- ACTIVITY
Using the listing, work out the number of lines where "VariableName" shows up, and answer with that number alone.

** RECORDS TO PROCESS follows **

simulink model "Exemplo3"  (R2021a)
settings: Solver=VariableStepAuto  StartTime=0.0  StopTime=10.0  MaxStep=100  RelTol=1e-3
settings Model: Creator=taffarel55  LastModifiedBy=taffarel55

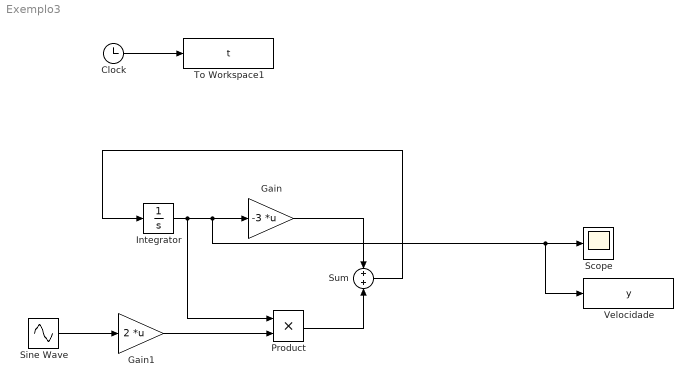
== system Exemplo3 ==
  Clock : Clock
  Gain : Gain  Gain=-3  Multiplication=Matrix(K*u)
  Gain1 : Gain  Gain=2  Multiplication=Matrix(K*u)
  Integrator : Integrator  InitialCondition=1
  Product : Product
  Scope : Scope
  Sine Wave : Sin  SampleTime=0
  Sum : Sum
  To Workspace1 : ToWorkspace  VariableName=t  SaveFormat=Timeseries  SampleTime=-1
  Velocidade : ToWorkspace  VariableName=y  SampleTime=-1
  wires:
  Clock/1 -> To Workspace1/1
  Gain/1 -> Sum/1
  Integrator/1 -> Product/1, Velocidade/1, Scope/1, Gain/1
  Product/1 -> Sum/2
  Sine Wave/1 -> Gain1/1
  Gain1/1 -> Product/2
  Sum/1 -> Integrator/1

** End of RECORDS TO PROCESS **

- TASK OUTPUT
2